Bereits 2017 verabschiedet, verändert die Medizinprodukteverordnung der Europäischen Union (EU MDR) sehr vieles. So umfasst sie beispielsweise nun auch Artikel, die keinen medizinischen Verwendungszweck haben. Zu den Artikeln, die im Anhang XVI der MDR aufgeführt sind, gehören beispielsweise Produkte oder Anwendungen, die der Verschönerung dienen sollen. Bunte Kontaktlinsen oder Laserbehandlungen der Körperoberfläche etwa, für die es keine medizinische Notwendigkeit gibt.

Ebenso sind Artikel erfasst, die sowohl einen medizinischen als auch einen nicht-medizinischen Nutzen haben können. Die operative Entfernung von Körperfett oder eine künstliche Vergrößerung der weiblichen Brust kann ästhetische Gründe haben, kann aber auch gesundheitlich angezeigt sein, wenn Gelenk- oder Herz-Kreislauf-Erkrankungen aufgrund von Übergewicht drohen oder die psychischen Folgen einer Brustamputation infolge einer Krebserkrankung abgemildert werden sollen.

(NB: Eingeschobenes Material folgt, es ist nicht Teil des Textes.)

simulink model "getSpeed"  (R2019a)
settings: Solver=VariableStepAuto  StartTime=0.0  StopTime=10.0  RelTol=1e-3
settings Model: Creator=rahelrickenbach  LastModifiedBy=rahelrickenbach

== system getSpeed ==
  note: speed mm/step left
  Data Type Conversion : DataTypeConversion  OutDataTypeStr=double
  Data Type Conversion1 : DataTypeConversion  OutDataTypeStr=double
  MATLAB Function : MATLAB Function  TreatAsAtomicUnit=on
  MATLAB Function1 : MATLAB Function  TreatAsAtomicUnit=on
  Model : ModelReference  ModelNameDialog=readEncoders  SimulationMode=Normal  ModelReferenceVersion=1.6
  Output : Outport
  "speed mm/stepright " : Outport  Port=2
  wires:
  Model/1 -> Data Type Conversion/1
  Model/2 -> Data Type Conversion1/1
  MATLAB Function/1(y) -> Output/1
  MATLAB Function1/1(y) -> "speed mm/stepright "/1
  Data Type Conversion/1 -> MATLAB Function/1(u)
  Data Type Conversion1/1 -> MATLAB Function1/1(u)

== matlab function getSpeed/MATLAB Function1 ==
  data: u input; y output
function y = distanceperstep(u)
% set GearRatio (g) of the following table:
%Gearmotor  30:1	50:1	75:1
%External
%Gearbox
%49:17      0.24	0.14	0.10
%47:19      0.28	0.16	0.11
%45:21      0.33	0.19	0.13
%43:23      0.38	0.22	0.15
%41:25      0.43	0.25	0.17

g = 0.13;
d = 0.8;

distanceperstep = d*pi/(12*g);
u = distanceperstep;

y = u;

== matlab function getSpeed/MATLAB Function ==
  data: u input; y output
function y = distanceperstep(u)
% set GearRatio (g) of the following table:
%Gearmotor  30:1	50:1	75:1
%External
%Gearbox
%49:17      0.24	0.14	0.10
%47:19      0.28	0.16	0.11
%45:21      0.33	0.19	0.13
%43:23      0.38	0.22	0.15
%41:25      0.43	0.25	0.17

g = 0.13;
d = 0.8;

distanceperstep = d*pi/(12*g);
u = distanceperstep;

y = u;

Produkte, welche in Annex XVI aufgeführt sind

  • Artikel, die in oder auf das Auge gesetzt werden, wie etwa Kontaktlinsen in verschiedenen Farbtönen.
  • Artikel, die mittels eines chirurgischen Eingriffs am Körper befestigt oder in diesen eingeführt werden und diesen anatomisch verändern. Gemeint sind etwa Silikonimplantate. Nicht gemeint sind Piercings und Tattoos.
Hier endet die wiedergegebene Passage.